Die Beklagte ist der Ansicht, durch diesen Hinweis sei der Verbraucher hinreichend informiert, zumal im Eingangsbereich sämtlicher Filialen der Unternehmensgruppe B O jeweils ein Aushang angebracht sei, aus dem ersichtlich sei, wer die die Filiale betreibende Regionalgesellschaft sei und unter welcher Anschrift diese zu erreichen sei.

Entscheidungsgründe

Die Klage ist begründet.

Der Unterlassungsanspruch des Klägers ergibt sich aus §§ 8 Abs. 1, Abs. 3 Nr. 2, 3, 5 a Abs. 2, Abs. 3 Nr. 2 UWG.

Die Klagebefugnis des Klägers ist höchstrichterlich anerkannt und bedarf keiner weiteren Ausführung.

Die Beklagte hat mit der beanstandeten Werbung eine unlautere irreführende Werbung im Sinne von §§ 5 a Abs. 2, Abs. 3 Nr. 2 UWG vorgenommen. Denn sie hat wesentliche Informationspflichten verletzt. Nach der zitierten Vorschrift müssen nämlich Identität und Anschrift des Unternehmers angegeben werden. Hierbei reicht es nicht aus, dass der Verbraucher sich die entsprechenden Informationen über eine Internetseite beschaffen kann (vgl.: OLG Hamm, Beschluss vom 14.09.2011, Aktenzeichen 4 W 64/11). Weitere Informationen hat die Beklagte aber hinsichtlich ihrer Identität und ihrer Anschrift in der streitgegenständlichen Werbung nicht gegeben. Sie hat auch nicht über ihre Einkaufsgesellschaften oder die Filialen informiert.

Wie die Beklagte ihre Werbung in der Zukunft konkret umgestaltet, um den gesetzlichen Anforderungen genüge zu tun, bleibt ihrer Entscheidung vorbehalten.
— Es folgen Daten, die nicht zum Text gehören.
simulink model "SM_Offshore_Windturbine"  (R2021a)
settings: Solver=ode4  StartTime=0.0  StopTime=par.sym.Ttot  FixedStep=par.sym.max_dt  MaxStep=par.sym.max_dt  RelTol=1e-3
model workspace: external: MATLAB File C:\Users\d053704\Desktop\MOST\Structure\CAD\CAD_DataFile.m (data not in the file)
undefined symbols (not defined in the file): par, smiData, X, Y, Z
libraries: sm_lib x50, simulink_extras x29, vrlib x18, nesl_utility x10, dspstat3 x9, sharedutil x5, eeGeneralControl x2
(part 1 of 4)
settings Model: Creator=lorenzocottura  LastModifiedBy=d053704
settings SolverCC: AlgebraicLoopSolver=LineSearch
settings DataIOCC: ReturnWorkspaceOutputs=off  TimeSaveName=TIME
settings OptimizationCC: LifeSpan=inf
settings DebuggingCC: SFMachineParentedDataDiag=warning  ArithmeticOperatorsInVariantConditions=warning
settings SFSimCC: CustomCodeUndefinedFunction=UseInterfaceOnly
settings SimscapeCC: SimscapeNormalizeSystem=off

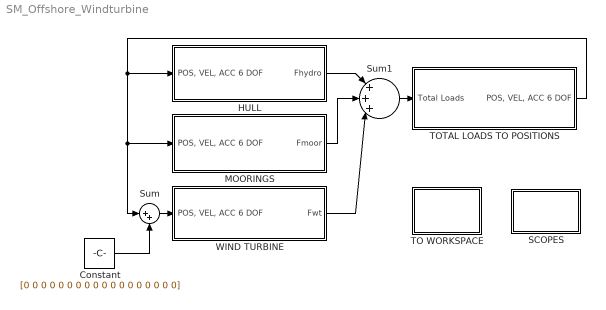
== system SM_Offshore_Windturbine ==
  Constant : Constant  Value=[0 0 0 0 0 0 0 0 0 0 0 0 0 0 0 0 0 0]
  HULL : Subsystem
  MOORINGS : Subsystem
  SCOPES : Subsystem
  Sum : Sum  Inputs=|++
  Sum1 : Sum  Inputs=|+++|
  TO WORKSPACE : Subsystem
  TOTAL LOADS TO POSITIONS : Subsystem
  WIND TURBINE : Subsystem
  wires:
  HULL/1(Fhydro) -> Sum1/1
  MOORINGS/1(Fmoor) -> Sum1/2
  WIND TURBINE/1(Fwt) -> Sum1/3
  Sum1/1 -> TOTAL LOADS TO POSITIONS/1(Total Loads)
  TOTAL LOADS TO POSITIONS/1("POS, VEL, ACC 6 DOF") -> HULL/1("POS, VEL, ACC 6 DOF"), Sum/1, MOORINGS/1("POS, VEL, ACC 6 DOF")
  Sum/1 -> WIND TURBINE/1("POS, VEL, ACC 6 DOF")
  Constant/1 -> Sum/2

== system SM_Offshore_Windturbine/HULL ==
  "POS, VEL, ACC 6 DOF" : Inport
  Add1 : Sum  Inputs=+-+-
  Hydrostatic stiffness : Subsystem
  IRR. WAVES : Subsystem
  Selector : Selector  InputPortWidth=18  IndexOptions=Index vector (dialog)  Indices=[1 2 3 4 5 6]  OutputSizes=1
  Selector1 : Selector  InputPortWidth=18  IndexOptions=Index vector (dialog)  Indices=[7 8 9 10 11 12]  OutputSizes=1
  State space model : Subsystem
  Viscous loads : Subsystem  TreatAsAtomicUnit=on
  Fhydro : Outport  VectorParamsAs1DForOutWhenUnconnected=off
  wires:
  Hydrostatic stiffness/1(Hydrostatic forces) -> Add1/2
  IRR. WAVES/1(Fw) -> Add1/1
  Selector1/1 -> State space model/1(hull_speed), Viscous loads/1(hull_speed)
  State space model/1(Radiation forces) -> Add1/4
  "POS, VEL, ACC 6 DOF"/1 -> Selector1/1, Selector/1
  Add1/1 -> Fhydro/1  "Hydrodinamic Loads"
  Viscous loads/1(Viscous forces) -> Add1/3
  Selector/1 -> Viscous loads/2(hull_position), Hydrostatic stiffness/1(hull_position)

== system SM_Offshore_Windturbine/MOORINGS ==
  "POS, VEL, ACC 6 DOF" : Inport
  6 Dof Extractor : Subsystem
  6 Dof Extractor1 : Subsystem
  6 Dof Extractor2 : Subsystem
  6 Dof Extractor3 : Subsystem
  6 Dof Extractor4 : Subsystem
  6 Dof Extractor5 : Subsystem
  Mux : Mux  Inputs=6
  n-D Lookup Table1 : Lookup_n-D  NumberOfTableDimensions=6  LookupTableObject=''  BreakpointsForDimension1=par.moor.LUT.x  BreakpointsForDimension2=par.moor.LUT.y  BreakpointsForDimension3=par.moor.LUT.z  BreakpointsForDimension4=par.moor.LUT.rx  BreakpointsForDimension5=par.moor.LUT.ry  BreakpointsForDimension6=par.moor.LUT.rz  BreakpointsForDimension1FirstPoint=10  BreakpointsForDimension2FirstPoint=10  BreakpointsForDimension1Spacing=12  BreakpointsForDimension2Spacing=12  Table=par.moor.LUT.Tx  TableDataTypeStr=Inherit: Inherit from 'Table data'  InternalRulePriority=Speed  RndMeth=Simplest  InputSameDT=on
      settings: InputPortMap=u0,u1,u2,u3,u4,u5
  n-D Lookup Table2 : Lookup_n-D  NumberOfTableDimensions=6  LookupTableObject=''  BreakpointsForDimension1=par.moor.LUT.x  BreakpointsForDimension2=par.moor.LUT.y  BreakpointsForDimension3=par.moor.LUT.z  BreakpointsForDimension4=par.moor.LUT.rx  BreakpointsForDimension5=par.moor.LUT.ry  BreakpointsForDimension6=par.moor.LUT.rz  BreakpointsForDimension1FirstPoint=10  BreakpointsForDimension2FirstPoint=10  BreakpointsForDimension1Spacing=12  BreakpointsForDimension2Spacing=12  Table=par.moor.LUT.Ty  TableDataTypeStr=Inherit: Inherit from 'Table data'  InternalRulePriority=Speed  RndMeth=Simplest  InputSameDT=on
      settings: InputPortMap=u0,u1,u2,u3,u4,u5
  n-D Lookup Table3 : Lookup_n-D  NumberOfTableDimensions=6  LookupTableObject=''  BreakpointsForDimension1=par.moor.LUT.x  BreakpointsForDimension2=par.moor.LUT.y  BreakpointsForDimension3=par.moor.LUT.z  BreakpointsForDimension4=par.moor.LUT.rx  BreakpointsForDimension5=par.moor.LUT.ry  BreakpointsForDimension6=par.moor.LUT.rz  BreakpointsForDimension1FirstPoint=10  BreakpointsForDimension2FirstPoint=10  BreakpointsForDimension1Spacing=12  BreakpointsForDimension2Spacing=12  Table=par.moor.LUT.Tz  TableDataTypeStr=Inherit: Inherit from 'Table data'  InternalRulePriority=Speed  RndMeth=Simplest  InputSameDT=on
      settings: InputPortMap=u0,u1,u2,u3,u4,u5
  n-D Lookup Table4 : Lookup_n-D  NumberOfTableDimensions=6  LookupTableObject=''  BreakpointsForDimension1=par.moor.LUT.x  BreakpointsForDimension2=par.moor.LUT.y  BreakpointsForDimension3=par.moor.LUT.z  BreakpointsForDimension4=par.moor.LUT.rx  BreakpointsForDimension5=par.moor.LUT.ry  BreakpointsForDimension6=par.moor.LUT.rz  BreakpointsForDimension1FirstPoint=10  BreakpointsForDimension2FirstPoint=10  BreakpointsForDimension1Spacing=12  BreakpointsForDimension2Spacing=12  Table=par.moor.LUT.TRx  TableDataTypeStr=Inherit: Inherit from 'Table data'  InternalRulePriority=Speed  RndMeth=Simplest  InputSameDT=on
      settings: InputPortMap=u0,u1,u2,u3,u4,u5
  n-D Lookup Table5 : Lookup_n-D  NumberOfTableDimensions=6  LookupTableObject=''  BreakpointsForDimension1=par.moor.LUT.x  BreakpointsForDimension2=par.moor.LUT.y  BreakpointsForDimension3=par.moor.LUT.z  BreakpointsForDimension4=par.moor.LUT.rx  BreakpointsForDimension5=par.moor.LUT.ry  BreakpointsForDimension6=par.moor.LUT.rz  BreakpointsForDimension1FirstPoint=10  BreakpointsForDimension2FirstPoint=10  BreakpointsForDimension1Spacing=12  BreakpointsForDimension2Spacing=12  Table=par.moor.LUT.TRy  TableDataTypeStr=Inherit: Inherit from 'Table data'  InternalRulePriority=Speed  RndMeth=Simplest  InputSameDT=on
      settings: InputPortMap=u0,u1,u2,u3,u4,u5
  n-D Lookup Table6 : Lookup_n-D  NumberOfTableDimensions=6  LookupTableObject=''  BreakpointsForDimension1=par.moor.LUT.x  BreakpointsForDimension2=par.moor.LUT.y  BreakpointsForDimension3=par.moor.LUT.z  BreakpointsForDimension4=par.moor.LUT.rx  BreakpointsForDimension5=par.moor.LUT.ry  BreakpointsForDimension6=par.moor.LUT.rz  BreakpointsForDimension1FirstPoint=10  BreakpointsForDimension2FirstPoint=10  BreakpointsForDimension1Spacing=12  BreakpointsForDimension2Spacing=12  Table=par.moor.LUT.TRz  TableDataTypeStr=Inherit: Inherit from 'Table data'  InternalRulePriority=Speed  RndMeth=Simplest  InputSameDT=on
      settings: InputPortMap=u0,u1,u2,u3,u4,u5
  Fmoor : Outport  VectorParamsAs1DForOutWhenUnconnected=off
  tag scope: MOORINGFORCES=global
  wires:
  6 Dof Extractor4/2(SWAY) -> n-D Lookup Table5/2
  n-D Lookup Table2/1 -> Mux/2  "Ty"
  6 Dof Extractor/2(SWAY) -> n-D Lookup Table1/2
  6 Dof Extractor3/6(YAW) -> n-D Lookup Table4/6
  n-D Lookup Table4/1 -> Mux/4  "TRx"
  6 Dof Extractor2/5(PITCH) -> n-D Lookup Table3/5
  6 Dof Extractor2/2(SWAY) -> n-D Lookup Table3/2
  6 Dof Extractor/1(SURGE) -> n-D Lookup Table1/1
  6 Dof Extractor5/6(YAW) -> n-D Lookup Table6/6
  n-D Lookup Table1/1 -> Mux/1  "Tx"
  6 Dof Extractor1/1(SURGE) -> n-D Lookup Table2/1
  n-D Lookup Table6/1 -> Mux/6  "TRz"
  6 Dof Extractor4/5(PITCH) -> n-D Lookup Table5/5
  6 Dof Extractor1/5(PITCH) -> n-D Lookup Table2/5
  6 Dof Extractor1/6(YAW) -> n-D Lookup Table2/6
  6 Dof Extractor2/6(YAW) -> n-D Lookup Table3/6
  6 Dof Extractor5/3(HEAVE) -> n-D Lookup Table6/3
  6 Dof Extractor/5(PITCH) -> n-D Lookup Table1/5
  n-D Lookup Table3/1 -> Mux/3  "Tz"
  6 Dof Extractor3/2(SWAY) -> n-D Lookup Table4/2
  6 Dof Extractor3/1(SURGE) -> n-D Lookup Table4/1
  6 Dof Extractor4/4(ROLL) -> n-D Lookup Table5/4
  6 Dof Extractor3/5(PITCH) -> n-D Lookup Table4/5
  6 Dof Extractor2/1(SURGE) -> n-D Lookup Table3/1
  6 Dof Extractor/4(ROLL) -> n-D Lookup Table1/4
  6 Dof Extractor3/4(ROLL) -> n-D Lookup Table4/4
  6 Dof Extractor1/2(SWAY) -> n-D Lookup Table2/2
  6 Dof Extractor/6(YAW) -> n-D Lookup Table1/6
  6 Dof Extractor1/4(ROLL) -> n-D Lookup Table2/4
  6 Dof Extractor5/4(ROLL) -> n-D Lookup Table6/4
  6 Dof Extractor1/3(HEAVE) -> n-D Lookup Table2/3
  6 Dof Extractor4/3(HEAVE) -> n-D Lookup Table5/3
  6 Dof Extractor2/4(ROLL) -> n-D Lookup Table3/4
  6 Dof Extractor4/1(SURGE) -> n-D Lookup Table5/1
  6 Dof Extractor3/3(HEAVE) -> n-D Lookup Table4/3
  6 Dof Extractor/3(HEAVE) -> n-D Lookup Table1/3
  6 Dof Extractor5/5(PITCH) -> n-D Lookup Table6/5
  6 Dof Extractor5/2(SWAY) -> n-D Lookup Table6/2
  n-D Lookup Table5/1 -> Mux/5  "TRy"
  6 Dof Extractor5/1(SURGE) -> n-D Lookup Table6/1
  6 Dof Extractor4/6(YAW) -> n-D Lookup Table5/6
  6 Dof Extractor2/3(HEAVE) -> n-D Lookup Table3/3
  Mux/1 -> Fmoor/1, [MOORINGFORCES]  "T_C"
  "POS, VEL, ACC 6 DOF"/1 -> 6 Dof Extractor4/1(6DOF), 6 Dof Extractor5/1(6DOF), 6 Dof Extractor3/1(6DOF), 6 Dof Extractor2/1(6DOF), 6 Dof Extractor1/1(6DOF), 6 Dof Extractor/1(6DOF)

== system SM_Offshore_Windturbine/SCOPES ==
  Divide1 : Product  Inputs=**
  GUIScopes : Scope  NumInputPorts=9
  Radians to Degrees4 : simulink_extras/Transformations/Radians to Degrees
  Radians to Degrees5 : simulink_extras/Transformations/Radians to Degrees
  Radians to Degrees6 : simulink_extras/Transformations/Radians to Degrees
  Selector{,1..5} (6 alike) : Selector  InputPortWidth=3  IndexOptions=Index vector (dialog)  Indices=[1]  OutputSizes=1
  W2MW1 : Gain  Gain=1e-6
  efficiency1 : Gain  Gain=0.944
  tag scope: GENPWR=global
  wires:
  [SURGE] -> Selector/1
  Selector/1 -> GUIScopes/1  "Surge [m]"
  [HEAVE] -> Selector1/1  "z"
  Selector1/1 -> GUIScopes/3  "Heave [m]"
  [SWAY] -> Selector2/1  "y"
  Selector2/1 -> GUIScopes/2  "Sway [m]"
  Radians to Degrees4/1 -> GUIScopes/4  "Roll [deg]"
  Radians to Degrees5/1 -> GUIScopes/5  "Pitch [deg]"
  Radians to Degrees6/1 -> GUIScopes/6  "Yaw [deg]"
  W2MW1/1 -> [GENPWR], GUIScopes/9  "Generator Power [MW]"
  [YAW] -> Selector4/1  "ry"
  Selector4/1 -> Radians to Degrees6/1
  Selector5/1 -> Radians to Degrees5/1
  Selector3/1 -> Radians to Degrees4/1
  [ROLL] -> Selector3/1  "ry"
  [PITCH] -> Selector5/1  "ry"
  [BlPITCH] -> GUIScopes/8  "Blade Pitch [deg]"
  [GENSPD] -> GUIScopes/7  "Generator Speed [rpm]"
  [Speed] -> Divide1/2
  [GENTRQ] -> Divide1/1  "GENTRQ"
  efficiency1/1 -> W2MW1/1
  Divide1/1 -> efficiency1/1

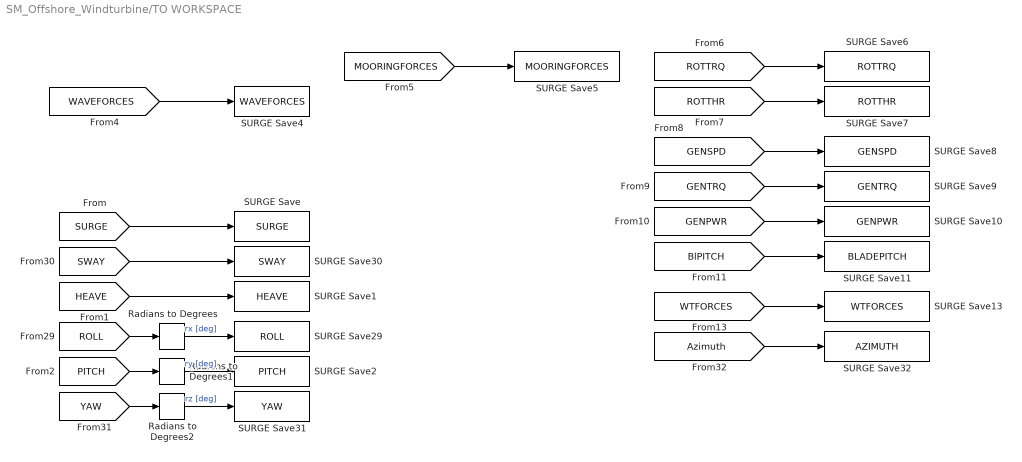
== system SM_Offshore_Windturbine/TO WORKSPACE ==
  Radians to Degrees : simulink_extras/Transformations/Radians to Degrees
  Radians to Degrees1 : simulink_extras/Transformations/Radians to Degrees
  Radians to Degrees2 : simulink_extras/Transformations/Radians to Degrees
  SURGE Save : ToWorkspace  VariableName=SURGE  SampleTime=-1
  SURGE Save1 : ToWorkspace  VariableName=HEAVE  SampleTime=-1
  SURGE Save10 : ToWorkspace  VariableName=GENPWR  SampleTime=-1
  SURGE Save11 : ToWorkspace  VariableName=BLADEPITCH  SampleTime=-1
  SURGE Save13 : ToWorkspace  VariableName=WTFORCES  SampleTime=-1
  SURGE Save2 : ToWorkspace  VariableName=PITCH  SampleTime=-1
  SURGE Save29 : ToWorkspace  VariableName=ROLL  SampleTime=-1
  SURGE Save30 : ToWorkspace  VariableName=SWAY  SampleTime=-1
  SURGE Save31 : ToWorkspace  VariableName=YAW  SampleTime=-1
  SURGE Save32 : ToWorkspace  VariableName=AZIMUTH  SampleTime=-1
  SURGE Save4 : ToWorkspace  VariableName=WAVEFORCES  SampleTime=-1
  SURGE Save5 : ToWorkspace  VariableName=MOORINGFORCES  SampleTime=-1
  SURGE Save6 : ToWorkspace  VariableName=ROTTRQ  SampleTime=-1
  SURGE Save7 : ToWorkspace  VariableName=ROTTHR  SampleTime=-1
  SURGE Save8 : ToWorkspace  VariableName=GENSPD  SampleTime=-1
  SURGE Save9 : ToWorkspace  VariableName=GENTRQ  SampleTime=-1
  wires:
  [SURGE] -> SURGE Save/1
  [HEAVE] -> SURGE Save1/1
  [PITCH] -> Radians to Degrees1/1
  [WAVEFORCES] -> SURGE Save4/1
  [MOORINGFORCES] -> SURGE Save5/1
  [ROTTRQ] -> SURGE Save6/1
  [ROTTHR] -> SURGE Save7/1
  [GENSPD] -> SURGE Save8/1
  [GENTRQ] -> SURGE Save9/1
  [GENPWR] -> SURGE Save10/1
  [BlPITCH] -> SURGE Save11/1
  [WTFORCES] -> SURGE Save13/1
  [ROLL] -> Radians to Degrees/1
  [YAW] -> Radians to Degrees2/1
  [SWAY] -> SURGE Save30/1
  [Azimuth] -> SURGE Save32/1
  Radians to Degrees/1 -> SURGE Save29/1  "rx [deg]"
  Radians to Degrees1/1 -> SURGE Save2/1  "ry [deg]"
  Radians to Degrees2/1 -> SURGE Save31/1  "rz [deg]"

== system SM_Offshore_Windturbine/TOTAL LOADS TO POSITIONS ==
  Total Loads : Inport
  "6 Dof Extractor TO SCOPES " : Subsystem
  Add : Sum  Inputs=-+-
  Added mass matrix : Constant  Value=par.hull.TDM.Ainf
  Gravity & Restoring moment : Subsystem
  Integrator : Integrator
  Integrator2 : Integrator
  Matrix Divide : Product  Inputs=/*  Multiplication=Matrix(*)
  Memory1 : Memory
  Memory2 : Memory
  Memory3 : Memory
  Mux : Mux  Inputs=3
  "Non linear loads " : Subsystem
  Sum : Sum
  Variable mass matrix1 : ModelReference  ModelNameDialog=Variable_mass_matrix.slxp  ModelReferenceVersion=5.19  CopyOfModelProtected=on
  "POS, VEL, ACC 6 DOF" : Outport  VectorParamsAs1DForOutWhenUnconnected=off
  wires:
  Integrator2/1 -> Memory2/1  "Position"
  Add/1 -> Matrix Divide/2
  Matrix Divide/1 -> Integrator/1, Memory3/1  "Acceleration"
  Variable mass matrix1/1 -> "Non linear loads "/1(MassMatrix), Sum/2, Gravity & Restoring moment/1(MassMatrix)
  "Non linear loads "/1(Non_linear) -> Add/3
  Mux/1 -> "POS, VEL, ACC 6 DOF"/1, "6 Dof Extractor TO SCOPES "/1(6DOF)
  Integrator/1 -> Integrator2/1, Memory1/1
  Memory2/1 -> Variable mass matrix1/1, Mux/1
  Memory1/1 -> "Non linear loads "/2(hull_speed), Mux/2
  Memory3/1 -> Mux/3
  Gravity & Restoring moment/1(Gravity & Restoring moment) -> Add/1
  Added mass matrix/1 -> Sum/1
  Sum/1 -> Matrix Divide/1
  Total Loads/1 -> Add/2

== system SM_Offshore_Windturbine/WIND TURBINE ==
  "POS, VEL, ACC 6 DOF" : Inport
  BODIES MOTIONS : Subsystem
  CONTROL SYSTEM : Subsystem
  N : Gain  Gain=par.WT.prop.Ngear
  "N " : Gain  Gain=par.WT.prop.Ngear
  ROTOR LOADS : Subsystem
  Fwt : Outport  VectorParamsAs1DForOutWhenUnconnected=off
  wires:
  ROTOR LOADS/1(WT Forces) -> Fwt/1
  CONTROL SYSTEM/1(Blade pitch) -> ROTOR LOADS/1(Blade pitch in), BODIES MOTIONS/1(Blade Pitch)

Der Einwand der Beklagten, die Umgestaltung der Werbung sei mit hohen Kosten verbunden und organisatorisch nur schwer beherrschbar, greift nicht. Denn die Vorgaben des § 5 a Abs. 3 Nr. 2 UWG sind eindeutig. Der Verbraucherschutz gebietet es, dass der Verbraucher bereits im Zusammenhang mit der Kenntnisnahme vom Inhalts der Warenprospekte die Informationen erhält, die es ihm unmittelbar ermöglichen, in Kontakt mit dem Werbenden oder dem von ihm vertretenen Unternehmen zu treten, ohne dass er Internetseiten aufrufen oder sich zum Geschäftslokal begeben muss (vgl. OLG Hamm, wie oben zitiert).

Der Verstoß gegen § 5 a Abs. 2, Abs. 3 Nr. 2 UWG ist auch wettbewerbsrechtlich relevant, weil es sich um die Verletzung wesentlicher Informationspflichten handelt.

Der Anspruch auf Erstattung der Abmahnkosten ergibt sich aus § 12 Abs. 1 S. 2 UWG.

Die Nebenentscheidungen folgen aus §§ 91 Abs. 1, 709 ZPO.